------ DATA FOR THE TASK
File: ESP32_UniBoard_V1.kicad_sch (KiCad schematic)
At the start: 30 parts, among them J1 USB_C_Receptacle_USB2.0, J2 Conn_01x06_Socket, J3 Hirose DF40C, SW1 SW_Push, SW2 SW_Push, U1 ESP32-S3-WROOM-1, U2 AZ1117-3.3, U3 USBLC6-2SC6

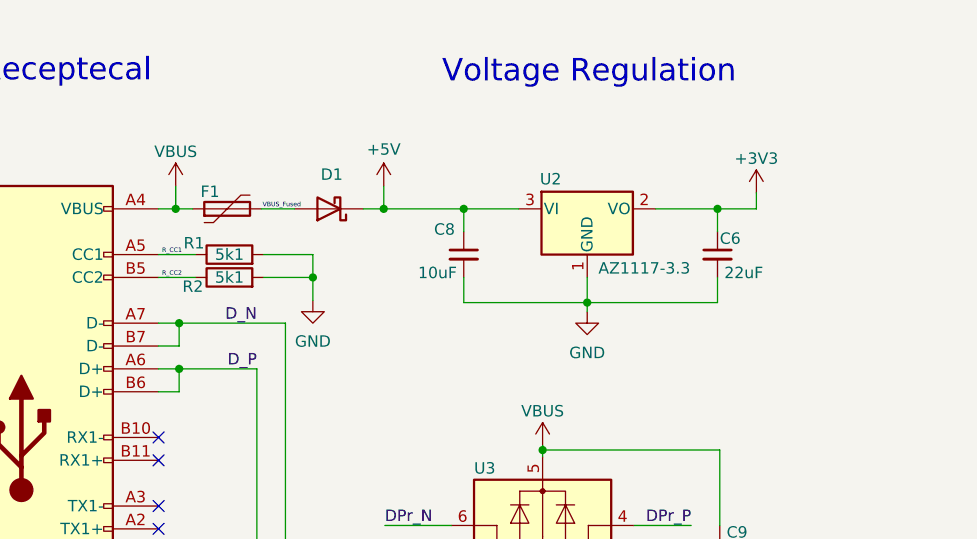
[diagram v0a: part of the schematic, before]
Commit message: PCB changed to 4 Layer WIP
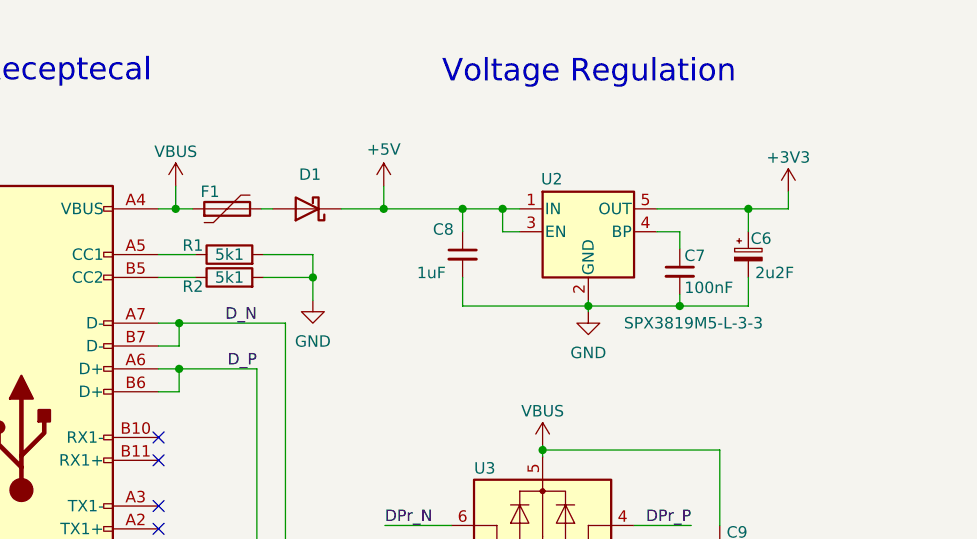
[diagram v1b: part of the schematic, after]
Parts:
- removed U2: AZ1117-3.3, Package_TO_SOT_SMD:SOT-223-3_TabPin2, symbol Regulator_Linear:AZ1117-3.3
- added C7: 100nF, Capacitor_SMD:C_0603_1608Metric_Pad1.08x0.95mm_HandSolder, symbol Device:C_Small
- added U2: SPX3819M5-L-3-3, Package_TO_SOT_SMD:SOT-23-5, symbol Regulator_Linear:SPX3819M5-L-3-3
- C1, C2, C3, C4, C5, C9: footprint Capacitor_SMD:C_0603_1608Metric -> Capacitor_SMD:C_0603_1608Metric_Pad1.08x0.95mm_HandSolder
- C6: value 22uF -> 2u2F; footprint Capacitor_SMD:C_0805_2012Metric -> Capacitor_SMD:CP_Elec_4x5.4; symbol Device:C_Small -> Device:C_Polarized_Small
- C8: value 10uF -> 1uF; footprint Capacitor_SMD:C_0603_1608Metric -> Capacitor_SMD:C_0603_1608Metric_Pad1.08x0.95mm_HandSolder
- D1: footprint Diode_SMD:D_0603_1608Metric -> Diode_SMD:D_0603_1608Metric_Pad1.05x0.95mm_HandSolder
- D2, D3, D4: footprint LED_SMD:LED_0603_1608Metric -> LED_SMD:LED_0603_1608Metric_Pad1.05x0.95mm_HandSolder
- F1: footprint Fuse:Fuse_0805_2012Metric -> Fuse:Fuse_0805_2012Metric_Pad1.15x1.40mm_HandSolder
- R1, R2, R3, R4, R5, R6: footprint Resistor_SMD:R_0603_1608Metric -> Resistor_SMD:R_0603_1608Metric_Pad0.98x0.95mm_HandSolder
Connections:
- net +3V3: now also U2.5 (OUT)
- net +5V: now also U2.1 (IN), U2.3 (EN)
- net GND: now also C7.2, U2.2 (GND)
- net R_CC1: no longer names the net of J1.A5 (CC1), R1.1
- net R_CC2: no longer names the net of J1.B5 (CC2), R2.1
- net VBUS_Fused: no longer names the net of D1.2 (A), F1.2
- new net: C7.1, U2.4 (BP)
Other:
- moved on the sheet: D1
------------
§ TRY IT:
Look through the material above. Transcribe exactly the lines between the ones with "At the start: 30" and "Commit message: PCB changed to 4 Layer WIP", inclusive, and keep pictures out.

§ WRITTEN SOLUTION:
At the start: 30 parts, among them J1 USB_C_Receptacle_USB2.0, J2 Conn_01x06_Socket, J3 Hirose DF40C, SW1 SW_Push, SW2 SW_Push, U1 ESP32-S3-WROOM-1, U2 AZ1117-3.3, U3 USBLC6-2SC6

[diagram v0a: part of the schematic, before]
Commit message: PCB changed to 4 Layer WIP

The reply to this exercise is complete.